Motion has always had a certain remedy in it, so I moved onward downstairs which was where I found a massive pile of human skulls. Just there. Human skulls in a glass case in various states of disrepair showing blunt force trauma and bullet holes and some which were remarkably intact and piled in neat symmetry so as to give the illusion of collective mass, this enormous pile, this ceaseless senseless human suffering piled there in voiceless testimony to the revolutionary ideals that had caused so much needless, and ultimately ineffectual—insofar as it failed to create the desired change-- destruction.

I was glad then for the presence of my father. In my heart dangerous sentiments had started to build like cumulus clouds prefacing a storm. At the periphery of my thoughts were ideas about human-kind consisting not of the noble-savage, but of some much darker and more sinister thing, something naked and bestial and capable of unimaginable violence. I can’t remember what he said, but he talked me down like he always does and somehow I went back to “normal” if such a word could ever apply to me.

I have a picture which I did not take myself (my camera was stolen later that day when, in my reveries, I failed to guard it properly) but which was taken by my father. The photo is of an artist’s depiction of water torture techniques used at the prison. What interests me about the photo is not what is in the drawing itself, but what is reflected in the glass that covers the art. Reflected there you can see my father, holding out his camera, commemorating what for him was surely something monumental, something that had an impact. This photo conveys the importance of an effort toward reflection. Those inhumane acts, those senseless deaths—they are meaningful when they are reflected upon the living insofar as they illuminate our progress, our cultivation of a more sensible future. Or so I hope.

My Dad and I went to leave and we heard a distant cry of distress. We followed it to its source and found a kitten, mewing desperately for some kind of savior, from within the confines of a very much locked and sealed jail cell. I thought of Amanda and how for her the human tragedy of the place would doubtless be outweighed by the desperate feline struggle unfolding now. We tried to reach inward but were met with failure. Though I wanted to do something, my arms would not achieve the small space, and the kitten was just out of reach. I tried to tell the staff at the entrance of the “museum” about the kitten, but my entreaties fell on deaf ears, the language barrier impeding any real communication. I try to do something, but there is nothing I can do.

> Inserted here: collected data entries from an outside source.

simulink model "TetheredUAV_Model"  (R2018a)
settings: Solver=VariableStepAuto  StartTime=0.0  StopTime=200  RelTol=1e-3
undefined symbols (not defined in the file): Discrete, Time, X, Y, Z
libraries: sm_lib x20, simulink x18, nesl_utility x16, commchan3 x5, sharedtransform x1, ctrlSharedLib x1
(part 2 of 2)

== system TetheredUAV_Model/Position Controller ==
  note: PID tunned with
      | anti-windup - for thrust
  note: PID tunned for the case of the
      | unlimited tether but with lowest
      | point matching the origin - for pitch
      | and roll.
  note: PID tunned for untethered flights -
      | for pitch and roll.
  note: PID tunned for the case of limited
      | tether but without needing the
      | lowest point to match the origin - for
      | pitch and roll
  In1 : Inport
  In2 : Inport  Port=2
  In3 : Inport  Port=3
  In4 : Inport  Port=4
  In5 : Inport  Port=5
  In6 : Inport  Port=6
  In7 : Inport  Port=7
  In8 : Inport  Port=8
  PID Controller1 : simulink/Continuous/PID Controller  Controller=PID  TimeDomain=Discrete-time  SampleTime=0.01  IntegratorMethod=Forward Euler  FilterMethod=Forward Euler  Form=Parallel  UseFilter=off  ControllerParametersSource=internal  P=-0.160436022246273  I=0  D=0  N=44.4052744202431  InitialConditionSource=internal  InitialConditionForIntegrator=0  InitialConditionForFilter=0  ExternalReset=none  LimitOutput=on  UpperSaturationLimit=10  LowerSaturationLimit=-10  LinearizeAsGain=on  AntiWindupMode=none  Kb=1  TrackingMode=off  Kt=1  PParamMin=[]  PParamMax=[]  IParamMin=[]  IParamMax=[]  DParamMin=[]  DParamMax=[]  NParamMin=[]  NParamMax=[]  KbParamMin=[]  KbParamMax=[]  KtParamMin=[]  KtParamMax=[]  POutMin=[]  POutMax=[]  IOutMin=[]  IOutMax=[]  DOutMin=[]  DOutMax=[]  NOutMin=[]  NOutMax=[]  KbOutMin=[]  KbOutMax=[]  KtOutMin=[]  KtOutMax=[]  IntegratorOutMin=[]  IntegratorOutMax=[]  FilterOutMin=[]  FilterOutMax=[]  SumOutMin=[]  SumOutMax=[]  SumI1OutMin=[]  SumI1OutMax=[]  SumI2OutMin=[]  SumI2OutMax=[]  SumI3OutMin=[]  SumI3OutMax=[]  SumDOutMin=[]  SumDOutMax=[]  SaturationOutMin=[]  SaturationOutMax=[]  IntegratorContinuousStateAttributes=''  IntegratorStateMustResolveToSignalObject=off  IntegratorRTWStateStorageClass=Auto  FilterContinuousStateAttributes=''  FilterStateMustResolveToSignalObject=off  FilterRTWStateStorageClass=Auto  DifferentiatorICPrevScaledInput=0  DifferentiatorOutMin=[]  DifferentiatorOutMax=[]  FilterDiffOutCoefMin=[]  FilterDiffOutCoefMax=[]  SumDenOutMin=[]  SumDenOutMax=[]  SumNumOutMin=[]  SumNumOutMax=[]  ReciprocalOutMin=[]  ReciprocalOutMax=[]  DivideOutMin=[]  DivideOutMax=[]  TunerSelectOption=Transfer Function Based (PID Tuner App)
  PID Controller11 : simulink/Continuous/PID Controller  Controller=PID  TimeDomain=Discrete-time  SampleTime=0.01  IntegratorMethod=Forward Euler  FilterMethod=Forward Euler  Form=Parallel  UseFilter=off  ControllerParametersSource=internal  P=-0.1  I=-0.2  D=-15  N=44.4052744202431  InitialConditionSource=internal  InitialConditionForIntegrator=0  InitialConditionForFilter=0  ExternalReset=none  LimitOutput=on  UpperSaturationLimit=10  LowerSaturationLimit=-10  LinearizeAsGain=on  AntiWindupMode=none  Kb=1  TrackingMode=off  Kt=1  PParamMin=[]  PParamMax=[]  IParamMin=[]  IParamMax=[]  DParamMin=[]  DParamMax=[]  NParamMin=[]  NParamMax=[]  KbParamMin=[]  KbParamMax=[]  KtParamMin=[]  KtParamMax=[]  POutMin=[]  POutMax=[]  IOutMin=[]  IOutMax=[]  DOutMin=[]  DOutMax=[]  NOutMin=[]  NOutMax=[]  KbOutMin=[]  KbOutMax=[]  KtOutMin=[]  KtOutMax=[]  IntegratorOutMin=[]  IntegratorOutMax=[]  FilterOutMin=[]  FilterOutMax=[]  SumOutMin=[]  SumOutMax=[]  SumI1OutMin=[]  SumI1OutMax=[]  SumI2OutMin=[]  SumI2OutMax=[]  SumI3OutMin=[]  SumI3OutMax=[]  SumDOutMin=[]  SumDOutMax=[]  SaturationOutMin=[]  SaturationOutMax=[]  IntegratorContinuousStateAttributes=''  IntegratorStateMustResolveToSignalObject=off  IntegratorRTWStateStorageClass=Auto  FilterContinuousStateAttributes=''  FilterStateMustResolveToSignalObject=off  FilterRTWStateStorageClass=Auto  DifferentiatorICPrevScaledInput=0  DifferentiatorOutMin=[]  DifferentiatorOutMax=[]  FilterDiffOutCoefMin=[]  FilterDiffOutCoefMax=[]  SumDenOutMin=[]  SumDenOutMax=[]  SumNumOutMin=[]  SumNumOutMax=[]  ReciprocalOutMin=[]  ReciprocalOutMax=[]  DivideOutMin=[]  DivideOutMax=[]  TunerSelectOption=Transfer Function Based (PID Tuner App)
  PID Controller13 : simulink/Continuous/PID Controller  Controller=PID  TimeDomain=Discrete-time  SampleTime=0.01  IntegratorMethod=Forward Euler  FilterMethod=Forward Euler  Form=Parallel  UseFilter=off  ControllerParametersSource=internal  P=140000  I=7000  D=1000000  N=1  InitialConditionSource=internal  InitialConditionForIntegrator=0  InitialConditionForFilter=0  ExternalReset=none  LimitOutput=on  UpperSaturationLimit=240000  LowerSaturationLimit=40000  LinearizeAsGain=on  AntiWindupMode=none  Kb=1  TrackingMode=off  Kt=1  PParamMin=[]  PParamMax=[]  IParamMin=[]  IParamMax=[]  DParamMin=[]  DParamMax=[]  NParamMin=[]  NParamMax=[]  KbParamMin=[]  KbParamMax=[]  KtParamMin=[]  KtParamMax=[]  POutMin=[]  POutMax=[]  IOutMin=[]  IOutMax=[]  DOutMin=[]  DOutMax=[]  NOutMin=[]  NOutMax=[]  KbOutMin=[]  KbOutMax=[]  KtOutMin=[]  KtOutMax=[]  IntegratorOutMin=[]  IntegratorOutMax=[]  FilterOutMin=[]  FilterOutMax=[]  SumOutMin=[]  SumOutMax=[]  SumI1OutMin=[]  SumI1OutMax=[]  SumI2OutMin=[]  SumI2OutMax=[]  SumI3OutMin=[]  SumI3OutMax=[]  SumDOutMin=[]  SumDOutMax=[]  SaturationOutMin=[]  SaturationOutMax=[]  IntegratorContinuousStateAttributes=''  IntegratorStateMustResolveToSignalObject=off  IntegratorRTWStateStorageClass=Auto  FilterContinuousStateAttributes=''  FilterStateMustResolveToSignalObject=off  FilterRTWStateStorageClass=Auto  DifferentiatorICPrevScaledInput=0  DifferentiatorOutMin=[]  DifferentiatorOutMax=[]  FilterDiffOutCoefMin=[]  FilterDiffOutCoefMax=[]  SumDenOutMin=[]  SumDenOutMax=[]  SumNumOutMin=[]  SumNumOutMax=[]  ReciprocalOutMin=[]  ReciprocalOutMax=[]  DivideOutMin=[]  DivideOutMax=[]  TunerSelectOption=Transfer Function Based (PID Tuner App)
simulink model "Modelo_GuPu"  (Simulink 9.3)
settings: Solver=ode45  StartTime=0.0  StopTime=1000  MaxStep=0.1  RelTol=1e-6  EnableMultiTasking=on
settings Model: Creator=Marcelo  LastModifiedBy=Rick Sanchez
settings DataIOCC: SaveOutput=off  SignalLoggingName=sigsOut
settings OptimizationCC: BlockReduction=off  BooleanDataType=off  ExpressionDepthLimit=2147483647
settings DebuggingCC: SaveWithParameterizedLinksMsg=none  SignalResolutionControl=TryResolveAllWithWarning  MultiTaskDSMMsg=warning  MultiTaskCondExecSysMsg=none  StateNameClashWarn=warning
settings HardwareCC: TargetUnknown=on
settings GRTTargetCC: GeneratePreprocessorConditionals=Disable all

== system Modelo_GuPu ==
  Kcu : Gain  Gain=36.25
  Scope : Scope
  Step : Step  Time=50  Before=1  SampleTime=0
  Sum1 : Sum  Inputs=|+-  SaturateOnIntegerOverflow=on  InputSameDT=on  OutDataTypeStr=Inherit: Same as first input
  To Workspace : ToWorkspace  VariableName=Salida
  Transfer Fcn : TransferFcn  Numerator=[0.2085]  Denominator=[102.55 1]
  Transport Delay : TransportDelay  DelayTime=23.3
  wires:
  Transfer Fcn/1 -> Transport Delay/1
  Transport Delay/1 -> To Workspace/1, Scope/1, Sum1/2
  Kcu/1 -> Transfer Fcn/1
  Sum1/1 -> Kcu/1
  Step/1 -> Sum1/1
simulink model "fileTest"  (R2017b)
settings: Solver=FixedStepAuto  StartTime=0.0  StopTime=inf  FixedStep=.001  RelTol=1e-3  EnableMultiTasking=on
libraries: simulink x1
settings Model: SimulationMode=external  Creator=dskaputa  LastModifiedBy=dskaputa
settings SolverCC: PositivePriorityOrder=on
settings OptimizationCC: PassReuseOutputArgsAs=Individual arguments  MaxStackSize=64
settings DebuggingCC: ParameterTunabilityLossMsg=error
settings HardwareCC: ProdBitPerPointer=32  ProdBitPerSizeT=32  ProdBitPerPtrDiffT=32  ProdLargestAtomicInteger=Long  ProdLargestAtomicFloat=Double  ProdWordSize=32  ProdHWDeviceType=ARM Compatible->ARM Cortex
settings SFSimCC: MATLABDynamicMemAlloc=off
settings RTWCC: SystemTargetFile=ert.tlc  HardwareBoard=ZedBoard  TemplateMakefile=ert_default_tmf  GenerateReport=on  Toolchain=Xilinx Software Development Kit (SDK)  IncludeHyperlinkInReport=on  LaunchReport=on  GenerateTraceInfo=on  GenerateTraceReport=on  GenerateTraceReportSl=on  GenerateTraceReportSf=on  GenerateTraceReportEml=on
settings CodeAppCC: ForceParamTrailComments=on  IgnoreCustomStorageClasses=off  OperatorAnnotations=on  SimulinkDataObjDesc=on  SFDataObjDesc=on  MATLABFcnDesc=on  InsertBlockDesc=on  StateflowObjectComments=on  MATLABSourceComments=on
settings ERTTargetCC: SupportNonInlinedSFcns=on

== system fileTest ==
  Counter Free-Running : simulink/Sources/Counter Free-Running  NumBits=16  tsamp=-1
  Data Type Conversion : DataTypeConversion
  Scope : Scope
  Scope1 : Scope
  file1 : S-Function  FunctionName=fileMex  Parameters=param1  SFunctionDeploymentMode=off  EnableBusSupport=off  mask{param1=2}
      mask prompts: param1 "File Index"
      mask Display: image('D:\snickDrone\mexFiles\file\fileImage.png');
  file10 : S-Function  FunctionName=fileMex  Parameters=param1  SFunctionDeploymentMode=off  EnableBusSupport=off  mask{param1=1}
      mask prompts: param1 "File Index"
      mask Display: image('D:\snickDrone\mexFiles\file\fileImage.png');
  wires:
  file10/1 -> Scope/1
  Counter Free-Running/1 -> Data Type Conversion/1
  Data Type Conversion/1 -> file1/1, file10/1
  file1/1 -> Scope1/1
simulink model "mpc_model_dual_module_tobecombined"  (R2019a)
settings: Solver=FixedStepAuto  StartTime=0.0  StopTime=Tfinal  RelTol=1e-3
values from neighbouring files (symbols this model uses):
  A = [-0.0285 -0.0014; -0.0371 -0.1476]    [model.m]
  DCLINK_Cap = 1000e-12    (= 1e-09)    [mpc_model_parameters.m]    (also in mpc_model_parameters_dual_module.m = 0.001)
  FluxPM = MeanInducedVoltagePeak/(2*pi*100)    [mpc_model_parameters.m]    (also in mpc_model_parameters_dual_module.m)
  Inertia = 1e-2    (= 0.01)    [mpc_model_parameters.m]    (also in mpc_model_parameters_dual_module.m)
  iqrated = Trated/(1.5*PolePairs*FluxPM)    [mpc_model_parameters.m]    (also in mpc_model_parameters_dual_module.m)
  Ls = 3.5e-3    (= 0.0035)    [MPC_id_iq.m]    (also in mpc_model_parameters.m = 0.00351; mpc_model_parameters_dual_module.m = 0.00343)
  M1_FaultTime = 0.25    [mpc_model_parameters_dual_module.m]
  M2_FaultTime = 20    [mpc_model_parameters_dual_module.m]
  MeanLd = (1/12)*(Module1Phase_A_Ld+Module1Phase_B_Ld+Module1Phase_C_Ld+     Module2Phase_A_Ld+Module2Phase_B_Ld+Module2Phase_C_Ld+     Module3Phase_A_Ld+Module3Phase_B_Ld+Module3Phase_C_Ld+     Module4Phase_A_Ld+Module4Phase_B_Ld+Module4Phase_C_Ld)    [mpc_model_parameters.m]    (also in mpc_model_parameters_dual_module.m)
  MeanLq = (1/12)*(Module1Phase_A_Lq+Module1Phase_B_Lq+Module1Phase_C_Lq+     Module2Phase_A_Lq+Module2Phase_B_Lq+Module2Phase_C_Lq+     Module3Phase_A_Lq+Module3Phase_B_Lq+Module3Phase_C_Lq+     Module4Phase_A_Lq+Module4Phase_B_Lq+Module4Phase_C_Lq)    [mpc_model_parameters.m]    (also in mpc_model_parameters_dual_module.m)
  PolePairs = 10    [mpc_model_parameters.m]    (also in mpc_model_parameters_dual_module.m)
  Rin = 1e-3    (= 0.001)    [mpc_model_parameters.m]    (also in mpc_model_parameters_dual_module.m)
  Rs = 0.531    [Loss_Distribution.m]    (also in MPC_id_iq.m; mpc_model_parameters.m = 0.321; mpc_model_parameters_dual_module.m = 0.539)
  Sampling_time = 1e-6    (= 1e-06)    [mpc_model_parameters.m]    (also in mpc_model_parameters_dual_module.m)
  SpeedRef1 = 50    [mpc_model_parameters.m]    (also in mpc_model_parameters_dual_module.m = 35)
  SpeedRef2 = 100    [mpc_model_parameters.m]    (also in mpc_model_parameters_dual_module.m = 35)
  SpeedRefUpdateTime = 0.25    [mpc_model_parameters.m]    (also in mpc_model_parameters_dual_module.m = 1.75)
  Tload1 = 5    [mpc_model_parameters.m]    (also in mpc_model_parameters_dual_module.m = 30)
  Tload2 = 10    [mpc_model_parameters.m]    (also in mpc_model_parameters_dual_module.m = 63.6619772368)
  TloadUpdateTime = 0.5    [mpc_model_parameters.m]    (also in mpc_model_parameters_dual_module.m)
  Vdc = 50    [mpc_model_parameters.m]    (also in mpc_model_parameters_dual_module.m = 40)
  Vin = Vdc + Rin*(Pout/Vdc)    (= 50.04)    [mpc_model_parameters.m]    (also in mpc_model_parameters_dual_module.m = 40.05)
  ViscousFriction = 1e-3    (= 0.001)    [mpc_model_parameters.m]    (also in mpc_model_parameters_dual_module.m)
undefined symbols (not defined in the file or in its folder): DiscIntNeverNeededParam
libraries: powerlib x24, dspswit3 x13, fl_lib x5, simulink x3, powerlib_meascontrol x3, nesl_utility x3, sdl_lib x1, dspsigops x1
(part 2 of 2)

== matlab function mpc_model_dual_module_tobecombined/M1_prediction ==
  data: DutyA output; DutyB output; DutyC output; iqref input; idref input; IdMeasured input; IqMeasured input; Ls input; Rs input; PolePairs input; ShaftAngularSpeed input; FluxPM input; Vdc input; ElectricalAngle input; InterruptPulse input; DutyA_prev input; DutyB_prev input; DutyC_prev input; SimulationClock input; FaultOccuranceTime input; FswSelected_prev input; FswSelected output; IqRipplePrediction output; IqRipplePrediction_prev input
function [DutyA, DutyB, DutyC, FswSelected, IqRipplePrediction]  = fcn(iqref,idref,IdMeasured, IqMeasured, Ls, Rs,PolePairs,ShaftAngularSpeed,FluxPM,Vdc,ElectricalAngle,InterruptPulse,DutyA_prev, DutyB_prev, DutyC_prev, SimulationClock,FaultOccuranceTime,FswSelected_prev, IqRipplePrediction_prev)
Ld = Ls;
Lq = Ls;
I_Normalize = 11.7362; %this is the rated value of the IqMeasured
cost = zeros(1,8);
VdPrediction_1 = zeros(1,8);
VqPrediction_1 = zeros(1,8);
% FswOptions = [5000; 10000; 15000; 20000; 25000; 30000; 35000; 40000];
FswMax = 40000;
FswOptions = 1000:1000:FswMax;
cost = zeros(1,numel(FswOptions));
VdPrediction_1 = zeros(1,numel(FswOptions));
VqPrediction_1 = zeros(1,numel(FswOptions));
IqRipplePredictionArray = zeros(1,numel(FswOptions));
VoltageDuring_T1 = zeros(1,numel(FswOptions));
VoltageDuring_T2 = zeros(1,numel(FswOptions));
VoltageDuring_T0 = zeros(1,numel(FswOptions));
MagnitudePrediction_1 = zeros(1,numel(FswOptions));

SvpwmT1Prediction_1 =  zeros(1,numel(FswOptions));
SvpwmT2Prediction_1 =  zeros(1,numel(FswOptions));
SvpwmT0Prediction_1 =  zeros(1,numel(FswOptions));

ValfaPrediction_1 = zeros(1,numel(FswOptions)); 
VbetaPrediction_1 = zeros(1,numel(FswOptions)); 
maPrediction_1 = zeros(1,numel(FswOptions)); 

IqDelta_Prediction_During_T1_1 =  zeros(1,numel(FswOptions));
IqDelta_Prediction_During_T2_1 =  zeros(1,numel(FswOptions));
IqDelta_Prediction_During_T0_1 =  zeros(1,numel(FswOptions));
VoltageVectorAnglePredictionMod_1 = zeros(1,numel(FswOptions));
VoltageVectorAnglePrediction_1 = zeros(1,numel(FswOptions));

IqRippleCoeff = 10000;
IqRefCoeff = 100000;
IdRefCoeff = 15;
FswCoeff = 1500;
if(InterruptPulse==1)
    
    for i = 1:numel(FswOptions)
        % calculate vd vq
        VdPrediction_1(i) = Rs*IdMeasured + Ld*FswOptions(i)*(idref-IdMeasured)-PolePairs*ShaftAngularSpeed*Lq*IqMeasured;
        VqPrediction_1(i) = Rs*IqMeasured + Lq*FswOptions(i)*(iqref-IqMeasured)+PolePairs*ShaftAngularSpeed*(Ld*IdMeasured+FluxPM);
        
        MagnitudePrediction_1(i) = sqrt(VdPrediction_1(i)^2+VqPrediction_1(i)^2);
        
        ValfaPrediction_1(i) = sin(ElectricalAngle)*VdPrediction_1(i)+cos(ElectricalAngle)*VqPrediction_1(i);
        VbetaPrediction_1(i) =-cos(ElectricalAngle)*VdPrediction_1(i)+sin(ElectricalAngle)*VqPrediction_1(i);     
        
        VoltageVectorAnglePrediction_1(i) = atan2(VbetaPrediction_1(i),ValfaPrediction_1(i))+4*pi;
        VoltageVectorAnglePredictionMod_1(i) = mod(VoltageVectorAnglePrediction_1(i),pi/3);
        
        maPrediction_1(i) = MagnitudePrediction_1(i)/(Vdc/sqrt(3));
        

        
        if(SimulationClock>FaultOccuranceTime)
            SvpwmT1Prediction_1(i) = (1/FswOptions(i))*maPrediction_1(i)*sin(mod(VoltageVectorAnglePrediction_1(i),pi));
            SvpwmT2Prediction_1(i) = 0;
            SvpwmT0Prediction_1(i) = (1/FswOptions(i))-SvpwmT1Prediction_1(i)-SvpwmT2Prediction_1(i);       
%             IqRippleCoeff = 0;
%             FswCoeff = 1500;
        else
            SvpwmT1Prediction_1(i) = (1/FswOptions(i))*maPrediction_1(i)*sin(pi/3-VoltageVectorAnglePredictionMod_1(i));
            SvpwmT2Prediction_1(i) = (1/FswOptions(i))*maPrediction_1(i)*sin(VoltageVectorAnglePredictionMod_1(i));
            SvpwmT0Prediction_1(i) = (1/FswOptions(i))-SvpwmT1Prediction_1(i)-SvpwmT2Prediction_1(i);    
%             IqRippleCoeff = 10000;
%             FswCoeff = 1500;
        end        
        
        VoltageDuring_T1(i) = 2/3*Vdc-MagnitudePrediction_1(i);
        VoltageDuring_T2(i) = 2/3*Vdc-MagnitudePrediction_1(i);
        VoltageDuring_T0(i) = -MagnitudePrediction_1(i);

Outside there is a pleasant tropical breeze and the air is redolent of the sweet nectar of some unknown equatorial flower. A slant sunlight falls over the gravestones of 14 corpses found there in 1979, representing the last 14 people to have been killed at the S-21 prison before those responsible fled, changed sides, or found employment with another war somewhere. Yellow and white blossoms litter the concrete floor out in the courtyard, the wind blowing them out of the tall trees overhead. There are almost no sounds save for what was caused by what I think was a group of children playing in the street nearby. I suppose it could have been laughter.